I have been fishing quite a bit with my soon to be 5 year old. On Sunday we went out to Mentor Headlands. In a couple hours we hooked 6 and landed 2. He is now watching the float and setting the hook on his own. I didn't care for the atmosphere out there and probably won't go back. For those of you who have been out there this fall you know what I am referring to. One time my son wanted to net the fish and a guy comes running over almost pushing him out of the way to net it even though I kept saying I didn't need help. I don't care how big your family is you are not getting my fish!

Today we went further east and the bite was insane for the first 45 minutes or so. I am talking a hit on every cast. My son had a little trouble with the slack created by the wind but he will get it. He pretty much did most of the fishing during the hot bite. We hooked probably 15 today and landed 8 including this bonus walleye. 

He has been asking for waders so Santa had to give them early since the weather has been so nice!


----------



## bucketeer (Sep 9, 2009)

KTkiff said:


> I have been fishing quite a bit with my soon to be 5 year old.
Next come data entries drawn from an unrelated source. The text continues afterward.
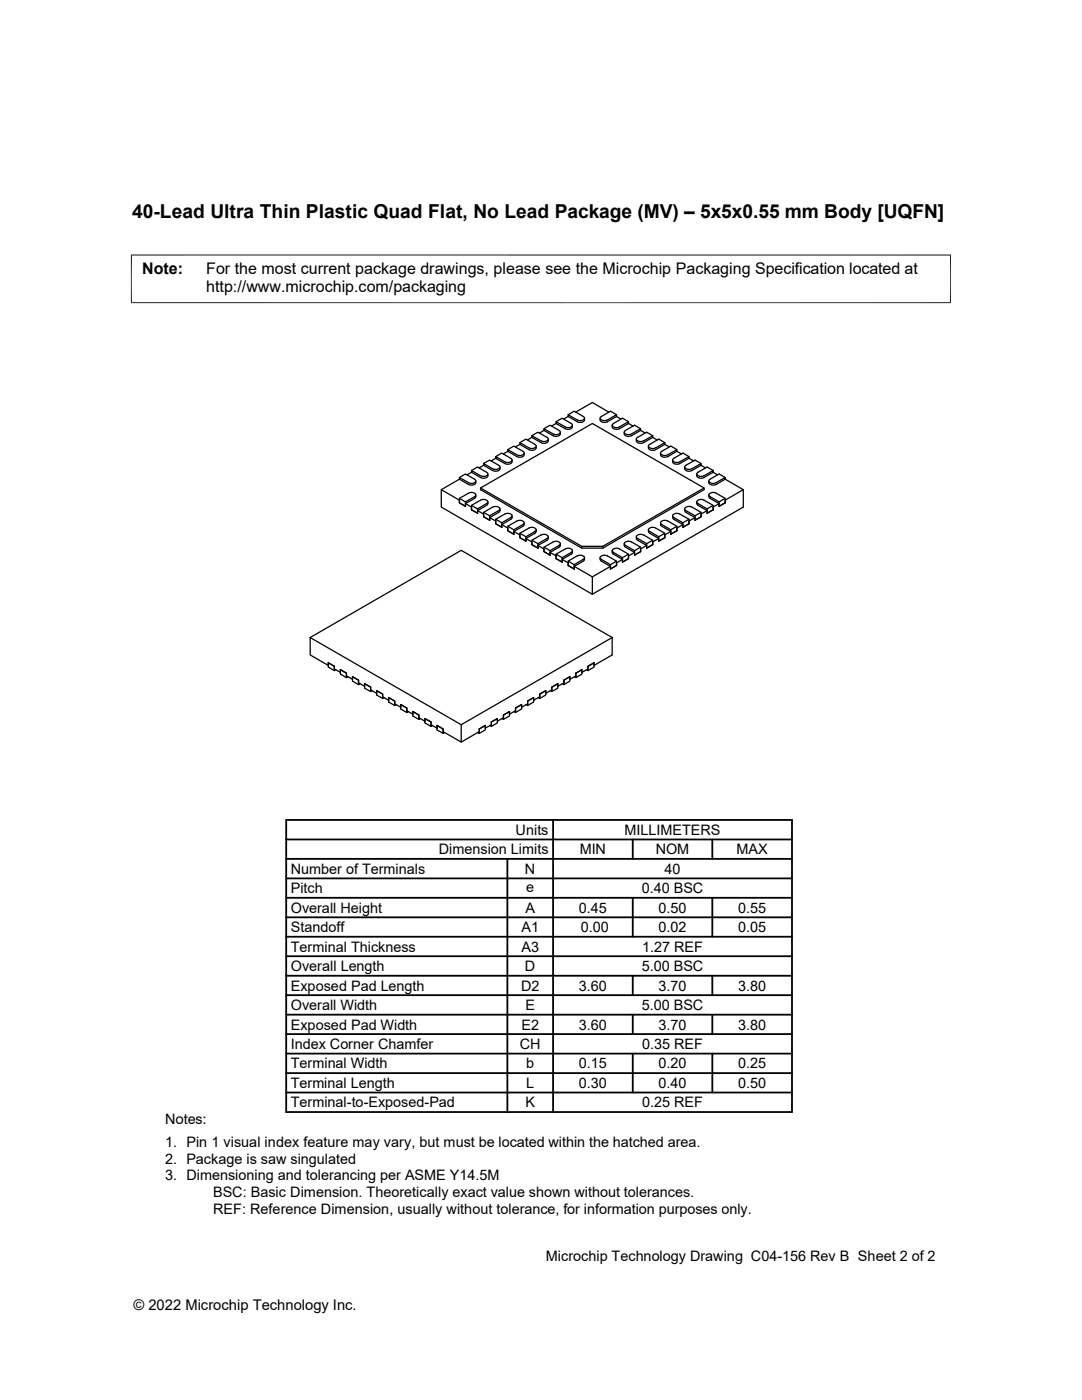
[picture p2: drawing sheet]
<svg xmlns="http://www.w3.org/2000/svg" width="216mm" height="279mm" viewBox="0 0 216 279" stroke-linecap="round" stroke-linejoin="round" font-family="sans-serif">
<g fill="none" stroke="#000" stroke-width=".25">
<path d="M91.7 99.5l1.2 .7M91.7 95.6l-3.6 2.1M91.7 99.5l1.8-1.1a.96 .96 0 0 1 1.4 .4l-.2 .3-1.8 1.1v.8l-1.2-.6zM91.7 95.6l1.8 1.1a.85 .85 0 0 0 .9 .1 .85 .85 0 0 0 .5-.8M91.7 95.3l1.2-.7 1.8 1.1a.43 .43 0 0 1 .2 .5 .43 .43 0 0 1-.5 .3l-.9-.2-1.8-1v.3M94.1 94.3v-.4l1.8 1.1M94.1 94.3l1.8 1M94.1 93.9l1.2-.7 1.8 1.1a.43 .43 0 0 1 .2 .5 .43 .43 0 0 1-.5 .3l-.9-.2M94.1 94.3l-.9 .5M94.9 98.8l-.1 .6-1.9 1.1v.5M95.9 99.8l-1.8 1.1v.8l1.2 .7M95.9 97.4l20.2 11.6"/>
<path d="M95.9 99.8a.96 .96 0 0 1 1.4 .4l-2 1.4v.8M96.5 92.9l1.8 1a.85 .85 0 0 0 1 .1 .85 .85 0 0 0 .5-.8M96.5 92.5l1.2-.7 1.8 1.1a.43 .43 0 0 1 .2 .5 .43 .43 0 0 1-.5 .3l-.9-.1-1.8-1.1v.4M96.5 92.9l-.9 .5M97.3 94.6a.85 .85 0 0 1-.4 .8 .85 .85 0 0 1-1-.1M98.9 91.1l1.2-.7 1.8 1.1M98.9 91.5l-.9 .5M98.9 91.5v-.4l1.8 1.1a.98 .98 0 0 0 1.5-.4l-.3-.3M98.9 91.5l1.8 1a.85 .85 0 0 0 1 .2 .85 .85 0 0 0 .5-.9M101.3 89.7l1.2-.7 1.8 1.1M101.3 90.1l-.9 .5M101.3 90.1v-.4l1.8 1.1"/>
<path d="M101.3 90.1l1.8 1M103.7 88.3l1.2-.7 1.8 1.1M103.7 88.7l-.9 .5M103.7 88.7v-.4l1.8 1.1M103.7 88.7l1.8 1a1.03 1.03 0 0 0 1.5-.3M104.3 90.1a.43 .43 0 0 1 .3 .5 .43 .43 0 0 1-.6 .3l-.9-.1M104.6 90.4a.85 .85 0 0 1-.5 .9 .85 .85 0 0 1-1-.2M106.1 87.3l-.9 .5M106.1 87.3v-.3l1.8 1M106.1 87.3l1.8 1a.87 .87 0 0 0 1 .2 .87 .87 0 0 0 .5-.9M106.1 87l1.2-.7 1.8 1a.43 .43 0 0 1 .3 .5 .43 .43 0 0 1-.6 .3l-.9-.1M106.7 88.7a.43 .43 0 0 1 .2 .5 .43 .43 0 0 1-.5 .3l-.9-.1"/>
<path d="M107 89v.4M108.5 85.9l-.8 .5M108.5 85.9v-.3l1.9 1a.96 .96 0 0 0 1.4-.4l-.3-.3M108.5 85.9l1.9 1a.85 .85 0 0 0 .9 .2 .85 .85 0 0 0 .5-.8M108.5 85.6l1.2-.7 1.9 1M111 84.5l-1 .5M111 84.5l1.8 1a.85 .85 0 0 0 .9 .2 .85 .85 0 0 0 .5-.8M111 84.2l1.2-.7 1.8 1a.43 .43 0 0 1 .2 .6 .43 .43 0 0 1-.6 .2l-.8-.1-1.8-1v.3M113.4 83.1l-.9 .5M113.4 83.1l1.8 1.1a.85 .85 0 0 0 1 .1 .85 .85 0 0 0 .4-.8M113.4 82.8l1.2-.7 1.8 1a.43 .43 0 0 1 .2 .6 .43 .43 0 0 1-.5 .2l-.9-.1-1.8-1v.3M114.9 82.3l3.3-2 3.3 2"/>
<path d="M119.7 83.5v.3M123 83.1l.9 .5M123 83.1v-.3l-1.8 1a.96 .96 0 0 1-1.4-.4l.2-.3M123 83.1l-1.8 1.1a1.03 1.03 0 0 1-1.4-.4M123 82.8l-1.2-.7-1.8 1M125.4 84.5l.9 .5M125.4 84.2l-1.2-.7-1.8 1a.43 .43 0 0 0-.2 .6 .43 .43 0 0 0 .5 .2l.9-.1 1.8-1v.3M125.4 84.5l-1.8 1a.87 .87 0 0 1-.9 .2 .87 .87 0 0 1-.5-.8M127 87.6a.85 .85 0 0 0 .5 .9 .85 .85 0 0 0 .9-.2M127.8 85.9l.9 .5M127.8 85.6l-1.2-.7-1.8 1a.43 .43 0 0 0-.2 .6 .43 .43 0 0 0 .5 .2l.9-.1 1.8-1v.3M127.8 85.9l-1.8 1a.85 .85 0 0 1-.9 .2 .85 .85 0 0 1-.5-.8"/>
<path d="M130.2 87.3l.9 .5M130.2 87.3v-.3l-1.8 1M130.2 87l-1.2-.7-1.8 1a.43 .43 0 0 0-.2 .5 .43 .43 0 0 0 .6 .3l.8-.1M130.2 87.3l-1.8 1M131.8 90.4a.85 .85 0 0 0 .5 .9 .85 .85 0 0 0 .9-.2M132.7 88.7l.9 .5M132.7 88.7l-1.9 1a.85 .85 0 0 1-.9 .2 .85 .85 0 0 1-.5-.9M132.7 88.7v-.4l-1.8 1.1M132.7 88.3l-1.3-.7-1.8 1.1a.43 .43 0 0 0-.2 .5 .43 .43 0 0 0 .6 .3l.8-.1M135.1 90.1l.9 .5M135.1 90.1l-1.8 1M135.1 90.1v-.4l-1.9 1.1a.96 .96 0 0 1-1.4-.4l.3-.3"/>
<path d="M135.1 89.7l-1.2-.7-1.8 1.1M137.5 91.5l.9 .5M137.5 91.5l-1.8 1a.85 .85 0 0 1-1 .2 .85 .85 0 0 1-.5-.9M137.5 91.5v-.4l-1.8 1.1a.96 .96 0 0 1-1.5-.4l.3-.3M137.5 91.1l-1.2-.7-1.8 1.1M139.9 92.9l.9 .5M139.9 92.5l-1.2-.7-1.8 1.1a.43 .43 0 0 0-.2 .5 .43 .43 0 0 0 .5 .3l.9-.2 1.8-1v.4M139.9 92.9l-1.8 1a.85 .85 0 0 1-1 .1 .85 .85 0 0 1-.5-.8M140.5 97.4l-22.3-12.9-22.3 12.9v.3l20.2 11.7h4.2l20.2-11.7v-.3l-20.2 11.6v.4M141.4 96v.3M141.4 98.8v.3M141.5 99.1l.2 .4"/>
<path d="M141.7 99.1l1.8 1.1v.8M141.7 99.5l1.8 1v.5M141.7 99.1a.43 .43 0 0 1-.2-.6 .43 .43 0 0 1 .5-.2l.9 .1 1.8 1.1v.9M142.3 94.3l.9 .5M142.3 93.9l-1.2-.7-1.8 1.1a.43 .43 0 0 0-.2 .5 .43 .43 0 0 0 .5 .3l.9-.2 1.8-1v.4M142.3 94.3l-1.8 1a.87 .87 0 0 1-1 .1 .87 .87 0 0 1-.5-.8M144.7 95.6l3.6 2.1v3.5l-30.1 17.4M144.7 95.6v-.3l-1.8 1a.96 .96 0 0 1-1.4-.4l.2-.2M144.7 95.6l-1.8 1.1a1.03 1.03 0 0 1-1.4-.4M144.7 95.3l-1.2-.7-1.8 1M144.7 99.5l-1.2 .7M148.3 97.7l-3.6 2.1v.6"/>
<path d="M92.9 101l-1.2-.6v-.6l-3.6-2.1v3.5l30.1 17.4v-3.5l-3.6-2.1M92.9 100.5l1.2 .7v.5l1.2 .7M94.1 100.9l1.2 .7M95.3 101.9l1.2 .7v.5l1.2 .7M96.5 102.3l1.2 .6M96.5 102.3l1.8-1.1a.96 .96 0 0 1 1.5 .4l-2.1 1.3v.9l-1.2-.7zM97.1 100.9l-1.8 1v.5M97.3 100.2v.4l-.2 .2M97.7 103.3l1.2 .7v.5l1.2 .7M98.9 103.6l1.2 .7M99.5 102.3l-1.8 1v.5M99.8 101.6l-.1 .4-.2 .2"/>
<path d="M100.1 104.7l1.2 .7v.5l1.2 .7M101.3 105l1.2 .7M101.9 103.3l-1.8 1v.9M101.9 103.3a.43 .43 0 0 0 .2-.6 .43 .43 0 0 0-.5-.2l-.9 .1-1.8 1v.9l1.2 .7M102.2 102.9l-.2 .7-1.9 1.1v.5M102.5 106.1l1.2 .7v.5l1.2 .7M103.1 104l-1.8 1v.9l1.2 .7M103.1 104a.96 .96 0 0 1 1.5 .4l-.3 .3M103.7 106.4l1.2 .7M104.3 104.7l-1.8 1v.9M104.6 104.3l-.2 .7-1.9 1.1v.5M104.9 107.5l1.2 .7v.5l1.2 .7"/>
<path d="M106.1 107.8l1.2 .7M106.7 106.1a.43 .43 0 0 0 .2-.6 .43 .43 0 0 0-.5-.2l-.9 .1-1.8 1v.9l1.2 .7M106.7 106.1l-1.8 1v.9M106.7 106.4l-1.8 1.1v.5M107 106.1l-.3 .3M107 105.7v.4M107.3 108.9l1.2 .7v.5l1.2 .7M107.9 106.8a.96 .96 0 0 1 1.5 .4l-.2 .3-1.9 1v.9M107.9 106.8l-1.8 1v.9l1.2 .7M108.5 109.2l1.2 .7M109.4 107.1v.4l-.2 .3-1.9 1.1v.5M109.7 110.3l1.3 .6v.6l1.2 .7"/>
<path d="M111 110.6l1.2 .7M111 110.6l1.8-1a.96 .96 0 0 1 1.4 .4l-.2 .3-1.8 1v.9l-1.2-.7zM111.5 108.8a.43 .43 0 0 0 .3-.5 .43 .43 0 0 0-.6-.3l-.8 .2-1.9 1v.9l1.2 .7M111.6 108.9l-1.9 1v.9M111.6 109.2l-1.9 1.1v.5M111.8 108.5v.4l-.3 .3M112.2 111.6l1.2 .7v.6l1.2 .7M113.4 112l1.2 .7M113.4 112l1.8-1a.96 .96 0 0 1 1.4 .4l-2 1.3v.9l-1.2-.7zM114.2 109.9l-.1 .6-1.9 1.1v.6M116.6 111.3l-.1 .6-1.9 1.1v.6M119.7 111.3v.3"/>
<path d="M119.8 111.6l.2 .4M120 111.6l1.8 1.1v.9M120 112l1.8 1v.6M120 111.6a.43 .43 0 0 1-.2-.5 .43 .43 0 0 1 .5-.3l.9 .1 1.8 1.1v.9M120.3 109h-4.2v.4M121.8 113l-3.6 2.1M122.2 109.9l.1 .6 1.9 1.1v.6M123 112l-1.2 .7M123 112.9l-1.2 .7M124.2 111.6l-1.2 .7v.6M124.6 108.5l.1 .6 1.9 1.2v.5M125.4 111.5v-.9l-1.8-1a.96 .96 0 0 0-1.4 .4l2 1.3v.9"/>
<path d="M125.4 110.6l-1.2 .7M125.4 111.5l-1.2 .7M126.6 110.3l-1.2 .6v.6M127 107.1l.1 .6 1.9 1.2v.5M127.8 109.2l-1.2 .7M127.8 110.1v-.9l-1.8-1a.98 .98 0 0 0-1.4 .4l2 1.3v.9M127.8 110.1l-1.2 .7M128.4 106.8a.96 .96 0 0 0-1.4 .4l2 1.3v.9M128.4 106.8l1.8 1v.9M129 108.9l-1.2 .7v.5M129.4 105.7l.1 .6 1.9 1.2v.5M130.2 107.8l-1.2 .7"/>
<path d="M130.2 108.7l-1.2 .7M131.4 107.5l-1.2 .7v.5M131.8 104.3l.2 .7 1.9 1.1v.5M132.1 104.7l1.8 1v.9M132.1 104.7a.43 .43 0 0 1-.3-.6 .43 .43 0 0 1 .6-.2l.9 .1 1.8 1v.9M132.7 106.4l-1.3 .7M132.7 107.3v-.9l-1.8-1a.98 .98 0 0 0-1.5 .4l2 1.3v.9M132.7 107.3l-1.3 .7M133.9 106.1l-1.2 .7v.5M134.2 102.9v.5l.3 .2M134.5 103.3l1.8 1v.9M134.5 103.6l1.8 1.1v.5"/>
<path d="M134.5 103.3a.43 .43 0 0 1-.3-.6 .43 .43 0 0 1 .6-.2l.9 .1 1.8 1v.9M135.1 105l-1.2 .7M135.1 105.9l-1.2 .7M136.3 104.7l-1.2 .7v.5M136.6 101.6l.1 .4 .2 .2M136.9 102.3l1.8 1v.5M137.5 103.6l-1.2 .7M137.5 104.5l-1.2 .7M138.7 103.3l-1.2 .7v.5M139 100.2l.1 .5 .2 .1M139.3 100.9l1.8 1v.5M139.9 102.3l-1.2 .6"/>
<path d="M139.9 103.1v-.8l-1.8-1.1a.98 .98 0 0 0-1.5 .4l2.1 1.3v.9M139.9 103.1l-1.2 .7M141.1 101.9l-1.2 .7v.5M142.3 100.9l-1.2 .7M142.3 101.7v-.8l-1.8-1.1a.96 .96 0 0 0-1.5 .4l2.1 1.4v.8M142.3 101.7l-1.2 .7M143.5 100.5l-1.2 .7v.5M144.7 100.4l-1.2 .6M61.9 127.2l30.1-17.4 30.2 17.4v3.5l-3.7 2.1v-.5l-1.2 .7M65.5 132.3l1.2 .7v.8l.3-.1M65.5 132.8l-3.6-2.1v-3.5l30.1 17.4v3.5l-3.6-2.1v-.5l-1.2-.7M65.5 132.3v.8l1.2 .7"/>
<path d="M65.5 132.3l1.2 .7v.5l1.2 .7M67.9 133.6l1.2 .7v.9l.3-.1M67.9 133.6v.9l1.2 .7M67.9 133.6l1.2 .7v.6l1.2 .7M70.3 135l1.2 .7v.9l.3-.1M70.3 135l1.2 .7v.6l1.2 .7M70.3 135v.9l1.2 .7M72.7 136.4l1.3 .7v.9l.3-.2M72.7 136.4v.9l1.3 .7M72.7 136.4l1.3 .7v.6l1.2 .7M75.2 137.8v.9l1.1 .7M75.2 137.8l1.1 .7"/>
<path d="M75.2 137.8l1.1 .7v.6M76.3 139.1l1.3 .7M76.3 138.5v.9l.4-.2M77.6 139.2v.9l1.2 .7M77.6 139.2l1.2 .7v.9l.3-.2M77.6 139.2l1.2 .7v.6l1.2 .6M105.3 139.9l1.2-.7v.9l-1.2 .7M105.3 139.9v.9l-.3-.2M105.3 139.9v.6l-1.2 .6v-.5l-1.2 .7M107.7 138.5l1.2-.7v.9l-1.2 .7M107.7 138.5v.9l-.3-.2M107.7 138.5v.6l-1.2 .7v-.6l-1.2 .7"/>
<path d="M110.1 137.1l1.2-.7v.9l-1.2 .7M110.1 137.1v.9l-.3-.2M110.1 137.1v.6l-1.2 .7v-.6l-1.2 .7M112.5 135.7v.9l-.3-.1M112.5 135.7l1.2-.7v.9l-1.2 .7M112.5 135.7v.6l-1.2 .7v-.6l-1.2 .7M114.9 134.3l1.2-.7v.9l-1.2 .7M114.9 134.3v.9l-.3-.1M114.9 134.3v.6l-1.2 .7v-.6l-1.2 .7M117.3 133l1.2-.7v.8l-1.2 .7M117.3 133v.8l-.3-.1M117.3 133v.5l-1.2 .7v-.6l-1.2 .7"/>
<path d="M122.2 127.2l-30.2 17.4M80 140.6l1.2 .7v.9l.3-.2M80 140.6l1.2 .7v.5l1.2 .7M80 140.6v.9l1.2 .7M82.4 142l1.2 .7v.9l.3-.2M82.4 142v.9l1.2 .7M82.4 142l1.2 .7v.5l1.2 .7M84.8 143.4l1.2 .7v.5l1.2 .7M84.8 143.4l1.2 .7v.9l.3-.2M84.8 143.4v.9l1.2 .7M87.2 144.8l1.2 .7v.9l.3-.2M87.2 144.8v.9l1.2 .7"/>
<path d="M95.6 145.5l1.2-.7v.9l-1.2 .7M95.6 145.5v.5l-3.6 2.1M95.6 145.5v.9l-.3-.2M98 144.1l1.3-.7v.9l-1.3 .7M98 144.1v.9l-.3-.2M98 144.1v.5l-1.2 .7v-.5l-1.2 .7M100.5 142.7l1.2-.7v.9l-1.2 .7M100.5 142.7v.5l-1.2 .7v-.5l-1.3 .7M100.5 142.7v.9l-.3-.2M102.9 141.3l1.2-.7v.9l-1.2 .7M102.9 141.3v.9l-.3-.2M102.9 141.3v.5l-1.2 .7v-.5l-1.2 .7"/>
</g>
<path d="M26.1 50.9h163.7M26.2 50.8v9.7M189.7 50.8v9.7M26.1 60.4h163.7" fill="none" stroke="#000" stroke-width=".2"/>
<g fill="none" stroke="#000" stroke-width=".36">
<path d="M57.1 179.2h100.9M57.1 175.3h100.9M57.1 171.4h100.9M57.1 167.5h100.9M57.1 163.6h100.9v58.3h-100.9zM101.2 171.4v50.5M110.4 163.6v58.3M126.3 167.5v3.9M126.3 179.2v7.7M142.1 167.5v3.9M142.1 179.2v7.7M57.1 183.1h100.9"/>
<path d="M57.1 194.7h100.9M57.1 190.8h100.9M57.1 186.9h100.9M57.1 198.6h100.9M126.3 194.7v3.9M142.1 194.7v3.9M57.1 214.2h100.9M57.1 202.5h100.9M57.1 206.4h100.9M57.1 218h100.9M57.1 210.3h100.9M126.3 202.5v3.9"/>
<path d="M126.3 210.3v7.7M142.1 202.5v3.9M142.1 210.3v7.7"/>
</g>
<text font-size="3.8" x="26.4" y="43.5">40-Lead Ultra Thin Plastic Quad Flat, No Lead Package (MV) – 5x5x0.55 mm Body [UQFN]</text>
<g font-size="3.2">
<text x="28.4" y="54.7">Note:</text>
<text x="41.1" y="58.3">http://www.microchip.com/packaging</text>
<text x="41.1" y="54.7">For the most current package drawings, please see the Microchip Packaging Specification located at</text>
</g>
<g font-size="2.9">
<text x="102.9" y="166.6">Units</text>
<text x="124.6" y="166.6">MILLIMETERS</text>
<text x="87.6" y="170.5">Dimension Limits</text>
<text x="115.7" y="170.5">MIN</text>
<text x="130.8" y="170.5">NOM</text>
<text x="147" y="170.5">MAX</text>
<text x="58" y="174.4">Number of Terminals</text>
<text x="58" y="178.3">Pitch</text>
<text x="104.8" y="174.4">N</text>
<text x="105" y="178">e</text>
<text x="128" y="178.3">0.40 BSC</text>
<text x="132.6" y="174.4">40</text>
<text x="58" y="182.2">Overall Height</text>
<text x="104.8" y="182.2">A</text>
<text x="115.5" y="182.2">0.45</text>
<text x="131.4" y="182.2">0.50</text>
<text x="147.3" y="182.2">0.55</text>
<text x="58" y="189.9">Terminal Thickness</text>
<text x="58" y="186">Standoff</text>
<text x="104.1" y="186">A1</text>
<text x="104.1" y="189.9">A3</text>
<text x="115.9" y="186">0.00</text>
<text x="128.1" y="189.9">1.27 REF</text>
<text x="131.4" y="186">0.02</text>
<text x="147.3" y="186">0.05</text>
<text x="58" y="193.8">Overall Length</text>
<text x="58" y="197.7">Exposed Pad Length</text>
<text x="104" y="197.7">D2</text>
<text x="104.8" y="193.8">D</text>
<text x="115.5" y="197.7">3.60</text>
<text x="128" y="193.8">5.00 BSC</text>
<text x="131.4" y="197.7">3.70</text>
<text x="147.3" y="197.7">3.80</text>
<text x="58" y="201.6">Overall Width</text>
<text x="104.8" y="201.6">E</text>
<text x="128" y="201.6">5.00 BSC</text>
<text x="58" y="205.5">Exposed Pad Width</text>
<text x="58" y="209.4">Index Corner Chamfer</text>
<text x="103.7" y="209.4">CH</text>
<text x="104" y="205.5">E2</text>
<text x="115.5" y="205.5">3.60</text>
<text x="128.1" y="209.4">0.35 REF</text>
<text x="131.4" y="205.5">3.70</text>
<text x="147.3" y="205.5">3.80</text>
<text x="58" y="213.2">Terminal Width</text>
<text x="105" y="213.2">b</text>
<text x="115.5" y="213.2">0.15</text>
<text x="131.4" y="213.2">0.20</text>
<text x="147.3" y="213.2">0.25</text>
<text x="58" y="217.1">Terminal Length</text>
<text x="58" y="221">Terminal-to-Exposed-Pad</text>
<text x="104.8" y="221">K</text>
<text x="105" y="217.1">L</text>
<text x="115.5" y="217.1">0.30</text>
<text x="128.1" y="221">0.25 REF</text>
<text x="131.4" y="217.1">0.40</text>
<text x="147.3" y="217.1">0.50</text>
<text x="32.9" y="224.4">Notes:</text>
<text x="32.9" y="229">1. Pin 1 visual index feature may vary, but must be located within the hatched area.</text>
<text x="32.9" y="232.3">2. Package is saw singulated</text>
<text x="32.9" y="235.6">3. Dimensioning and tolerancing per ASME Y14.5M</text>
<text x="42.5" y="238.9">BSC: Basic Dimension. Theoretically exact value shown without tolerances.</text>
<text x="42.5" y="242.2">REF: Reference Dimension, usually without tolerance, for information purposes only.</text>
<text x="108.9" y="251.7">Microchip Technology Drawing C04-156 Rev B Sheet 2 of 2</text>
<text x="26.6" y="261.3">© 2022 Microchip Technology Inc.</text>
</g>
</svg>

On Sunday we went out to Mentor Headlands. In a couple hours we hooked 6 and landed 2. He is now watching the float and setting the hook on his own. I didn't care for the atmosphere out there and probably won't go back. For those of you who have been out there this fall you know what I am referring to. One time my son wanted to net the fish and a guy comes running over almost pushing him out of the way to net it even though I kept saying I didn't need help. I don't care how big your family is you are not getting my fish!
> 
> Today we went further east and the bite was insane for the first 45 minutes or so. I am talking a hit on every cast. My son had a little trouble with the slack created by the wind but he will get it. He pretty much did most of the fishing during the hot bite. We hooked probably 15 today and landed 8 including this bonus walleye.
> 
> ...


----------



## bucketeer (Sep 9, 2009)

Good job Dad! That little guy must be in good shape to hike out that far and handle all those fish. Great report!


----------



## KTkiff (Jul 30, 2004)

Forgot the waders picture.


----------



## KTkiff (Jul 30, 2004)

bucketeer said:


> Good job Dad! That little guy must be in good shape to hike out that far and handle all those fish. Great report!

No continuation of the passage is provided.